A jury convicted appellant of capital murder, but could not agree on punishment. The trial judge assessed punishment at life in prison. We affirm.

FACTS

Appellant shot and killed complainant while attempting to rob her and her husband.

Motion for Continuance

Appellant first complains of the overruling of his motion for continuance, which was based on the absence of his expert witness concerning the reliability of eyewitness testimony; See Jordan v. State, 928 S.W.2d 550 (Tex.Crim.App.1996) (regarding relevance of expert testimony on eyewitness reliability); Forte v. State, 935 S.W.2d 172, 177-78 (Tex. App.—Fort Worth 1996, pet. refd). Whether to grant a continuance “is vested in the sound discretion of the trial court, and reversal of a judgment is justified only when it is shown the trial court has abused its discretion.” Hernandez v. State, 643 S.W.2d 397, 399 (Tex.Crim.App.1982).

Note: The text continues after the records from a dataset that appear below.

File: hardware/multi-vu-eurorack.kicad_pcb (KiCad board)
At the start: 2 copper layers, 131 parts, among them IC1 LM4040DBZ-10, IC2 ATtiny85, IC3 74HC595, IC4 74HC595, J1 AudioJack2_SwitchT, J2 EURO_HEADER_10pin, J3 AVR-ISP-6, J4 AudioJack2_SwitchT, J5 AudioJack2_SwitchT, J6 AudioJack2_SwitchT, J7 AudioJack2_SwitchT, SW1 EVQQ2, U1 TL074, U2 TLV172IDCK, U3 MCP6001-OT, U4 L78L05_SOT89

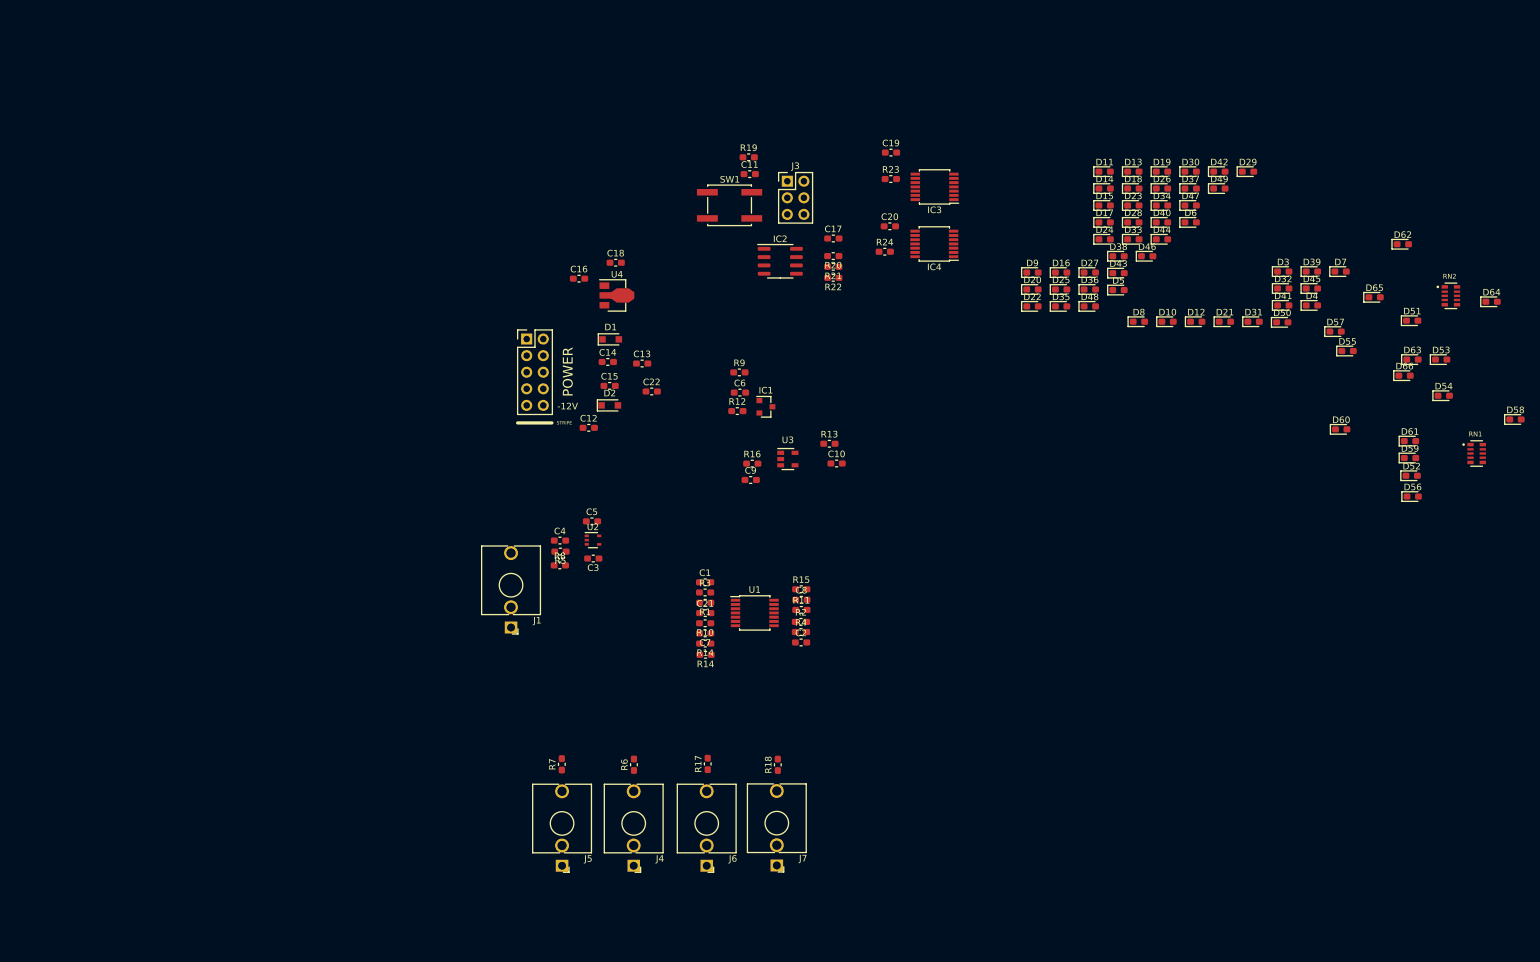
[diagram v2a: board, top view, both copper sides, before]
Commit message: Separated and arranged passives around mainboard ICs, started arranging LEDs on panel reverse.
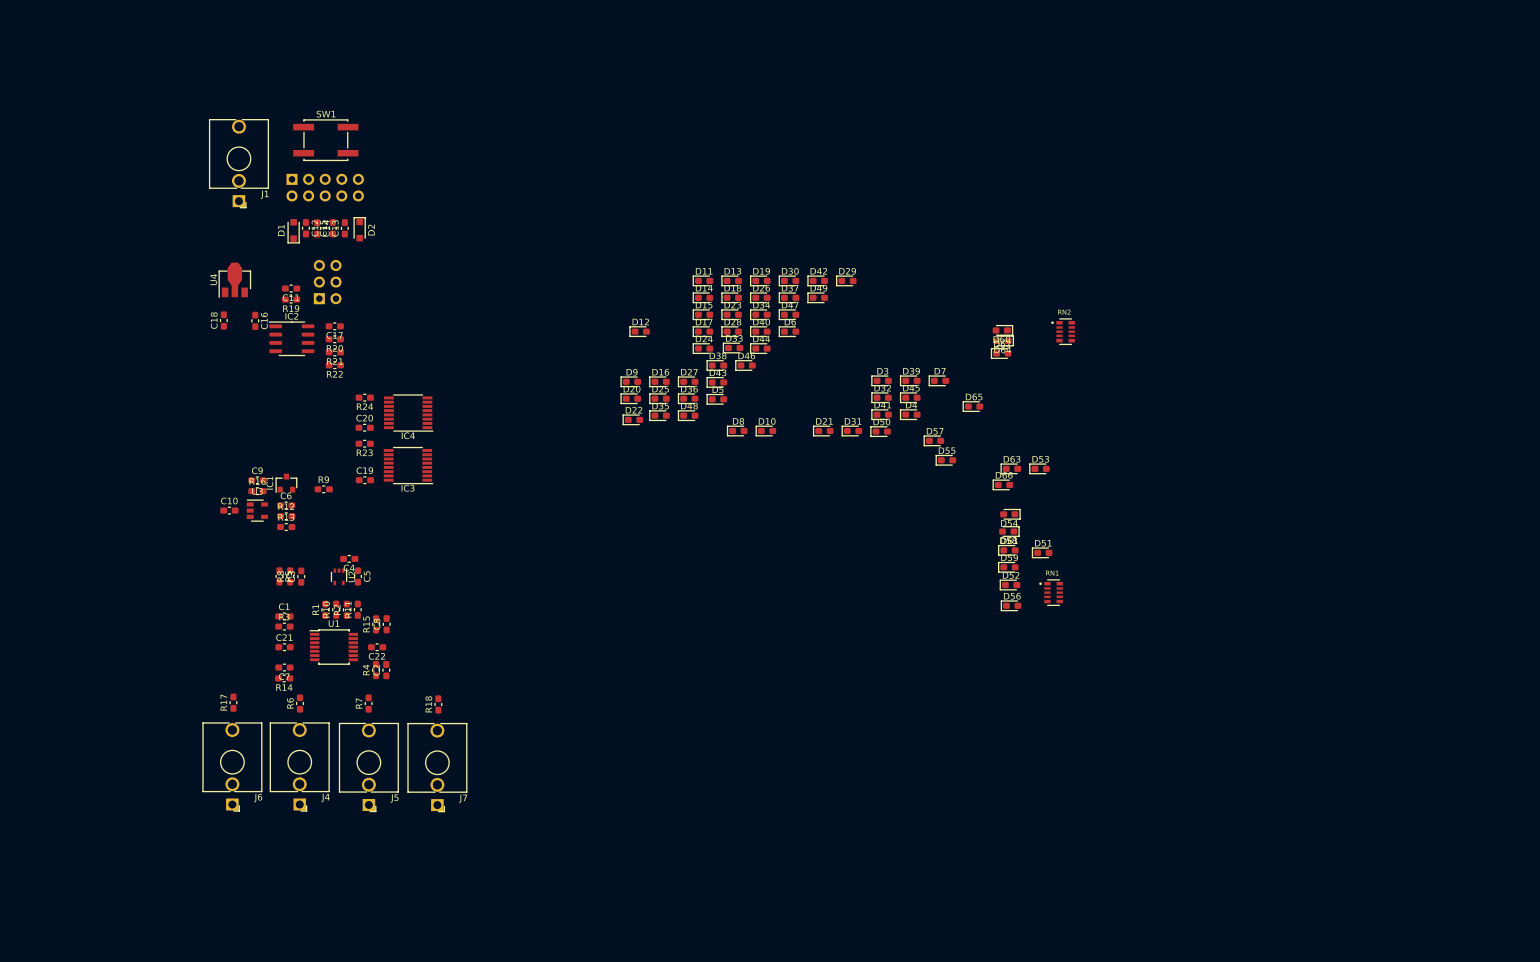
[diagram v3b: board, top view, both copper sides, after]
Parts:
- removed the R14 at (131.8, 119.0)
- removed the R14 at (131.7, 117.3)
- added R14: 100k, Capacitor_SMD:C_0603_1608Metric_Pad1.05x0.95mm_HandSolder, F.Cu at (67.3, 122.6)
- IC3, IC4: footprint Package_SO:TSSOP-14_4.4x5mm_P0.65mm -> Package_SO:TSSOP-16_4.4x5mm_P0.65mm
- J2, J3: moved to B.Cu
- moved C19 94.9 mm to (79.6, 92.3)
- moved C10 93.2 mm to (58.9, 96.9)
- moved IC3 91.2 mm to (86.2, 90.0)
- moved R23 90.2 mm to (79.6, 86.7), turned to 180 degrees
- moved C20 86.1 mm to (79.6, 84.3)
- moved D12 85.1 mm to (121.9, 69.5)
- moved IC4 84.6 mm to (86.2, 82.0)
- moved R13 84.1 mm to (67.6, 99.5)
- moved R24 82.7 mm to (79.6, 79.7), turned to 180 degrees
- moved U3 81.6 mm to (63.2, 97.0)
- moved D58 79.5 mm to (178.1, 100.2), turned to 180 degrees
- moved C17 77.5 mm to (75.0, 68.7), turned to 180 degrees
- moved R22 77.5 mm to (75.0, 74.7)
- moved J1 77.4 mm to (60.3, 49.6)
- moved R21 77.4 mm to (75.0, 72.7)
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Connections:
- D11 pad 2: (no net) -> Net-(D11-Pad2)
- D3 pad 2: (no net) -> Net-(D3-Pad2)
- R23 pad 1: +5V -> Net-(IC3-Pad10)
- R23 pad 2: Net-(IC3-Pad10) -> +5V
- R24 pad 1: +5V -> Net-(IC4-Pad10)
- R24 pad 2: Net-(IC4-Pad10) -> +5V

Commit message: finalized the rough placements of the component subcircuit groups.  Added traces between analog circuits for multiple subcircuit.
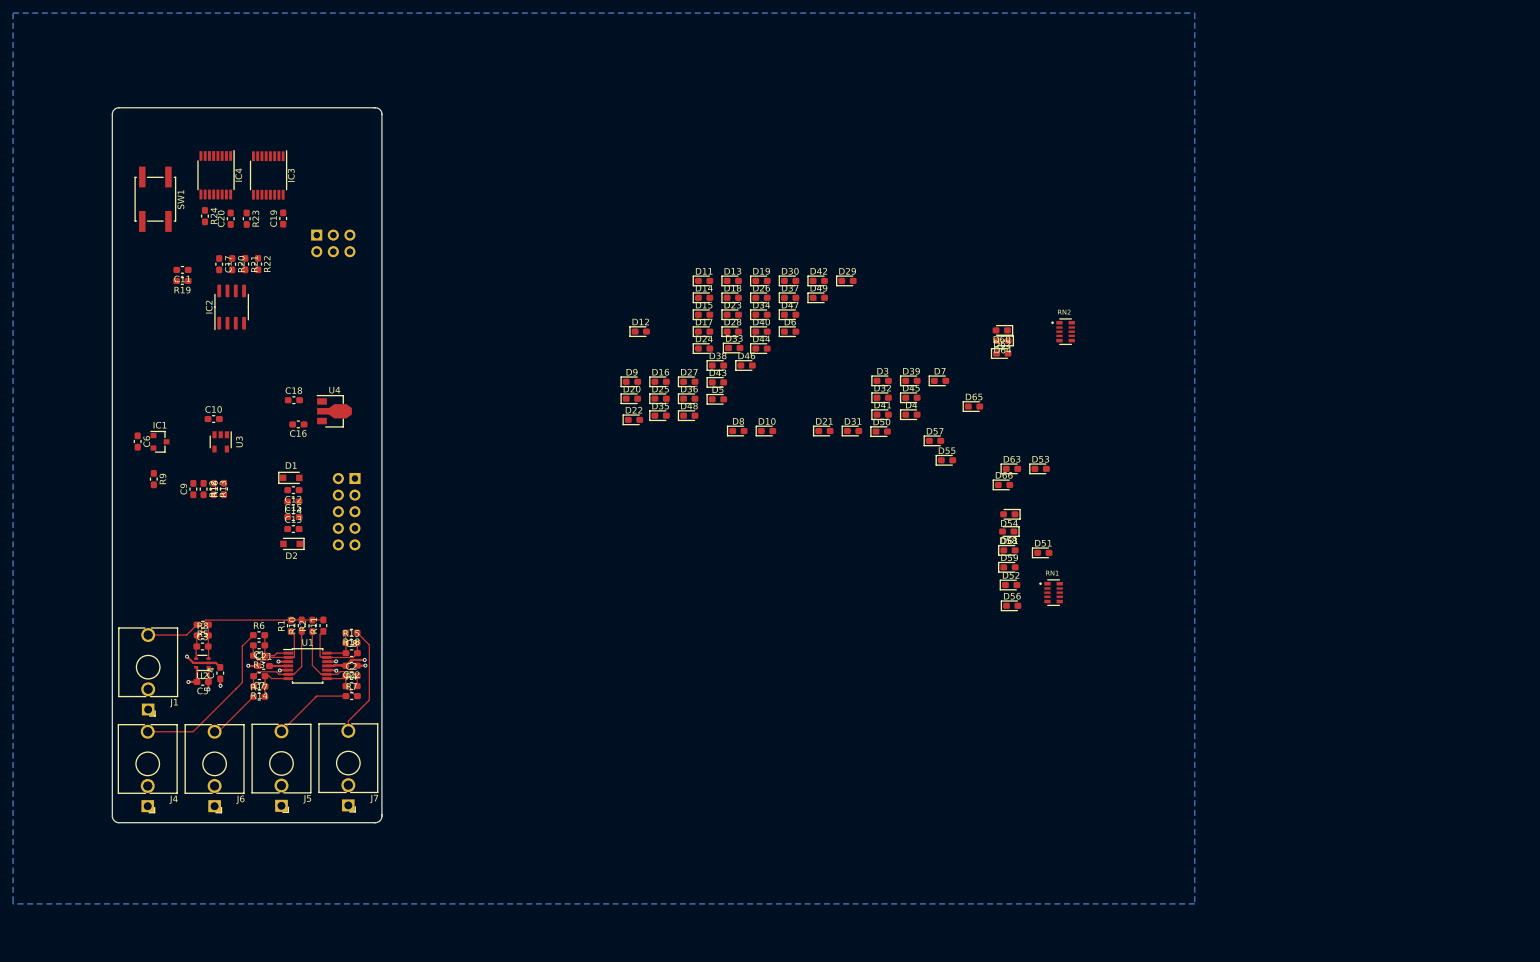
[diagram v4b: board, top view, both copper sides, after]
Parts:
- moved J1 79.1 mm to (46.4, 127.4)
- moved J2 52.1 mm to (73.3, 102.8), turned to 180 degrees
- moved IC3 49.3 mm to (64.8, 45.6), turned to 270 degrees
- moved D2 49.2 mm to (68.4, 102.0), turned to 180 degrees
- moved IC4 46.8 mm to (56.8, 45.6), turned to 270 degrees
- moved C13 46.7 mm to (68.7, 99.8), turned to 0 degrees
- moved C15 44.6 mm to (68.7, 97.9), turned to 0 degrees
- moved C19 42.0 mm to (67.1, 52.2), turned to 90 degrees
- moved C14 42.0 mm to (68.7, 95.6), turned to 180 degrees
- moved C12 40.1 mm to (68.7, 93.8), turned to 180 degrees
- moved R23 38.9 mm to (61.5, 52.3), turned to 270 degrees
- moved C20 38.0 mm to (59.1, 52.3), turned to 90 degrees
- moved D1 37.9 mm to (68.3, 91.9), turned to 0 degrees
- moved R24 37.0 mm to (55.1, 51.9), turned to 270 degrees
- moved C5 28.7 mm to (54.8, 123.2), turned to 180 degrees
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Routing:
- net /OUTA: track 0.00 -> 25.6 mm
- net /MULT_INPUT: track 0.00 -> 24.5 mm
- net /OUTD: track 0.00 -> 17.1 mm
- net Net-(C7-Pad2): track 0.00 -> 15.3 mm
- net Net-(C2-Pad2): track 0.00 -> 14.6 mm
- net GND: track 0.00 -> 13.0 mm, vias 0 -> 8
- net Net-(C1-Pad2): track 0.00 -> 12.4 mm
- net /OUTC: track 0.00 -> 12.3 mm
- net Net-(C8-Pad2): track 0.00 -> 11.7 mm
- net -12V: track 0.00 -> 9.84 mm, vias 0 -> 2
- net +12V: track 0.00 -> 8.68 mm, vias 0 -> 1
- net /OUTB: track 0.00 -> 8.18 mm
- net /INPUT: track 0.00 -> 8.13 mm
- net Net-(C2-Pad1): track 0.00 -> 7.89 mm
- net Net-(C1-Pad1): track 0.00 -> 6.90 mm
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- added copper zone on B.Cu, net GND
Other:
- board outline added: 41.3 x 109.5 mm
- net class Default: clearance 0.2 -> 0.127; trace_width 0.25 -> 0.127; via_dia 0.8 -> 0.4; via_drill 0.4 -> 0.2
- net class Power added: clearance 0.127, trace_width 0.35, via_dia 0.6, via_drill 0.3
- rule trace_clearance: 0.2 -> 0.127
- rule trace_min: 0.2 -> 0.127
- rule via_min_drill: 0.3 -> 0.2

To obtain a continuance because of a missing witness, the defendant must show, among other things, he exercised due diligence to secure the witness’s attendance. TexCode CRim. P. Ann. art. 29.06(2) (Vernon 1989). “If a defendant does not apply for process of a witness until a day or two before his trial, he has faded to exercise the due diligence which is necessary to support a motion for continuance.” Peoples v. State, 477 S.W.2d 889, 891 (Tex.Crim.App.1972); see also Norton v. State, 564 S.W.2d 714, 716-17 (Tex.Crim.App.1978). Appellant had known for two weeks that trial was to begin March 13, 1995, but he did not attempt to subpoena the witness until March 13. The expert witness left the country two days earlier. We hold that appellant did not exercise due diligence. See Peoples, 477 S.W.2d at 891.

We overrule the first point of error.

Videotape of Voir Dire

Appellant complains the trial judge erred by refusing to videotape voir dire. This was not error. Curry v. State, 910 S.W.2d 490, 492 (Tex.Crim.App.1995). No authority requires videotaping.

We overrule the second point of error.

Batson Challenges

In points of error three, four, and five, appellant contends the trial judge erred in overruling his Batson objections to the State’s peremptory challenges.

We follow the usual standard of review. 1 Kemp v. State, 846 S.W.2d 289, 304 (Tex.Crim.App.1992); Batson v. Kentucky, 476 U.S. 79, 96-97, 106 S.Ct. 1712, 1723, 90 L.Ed.2d 69 (1986).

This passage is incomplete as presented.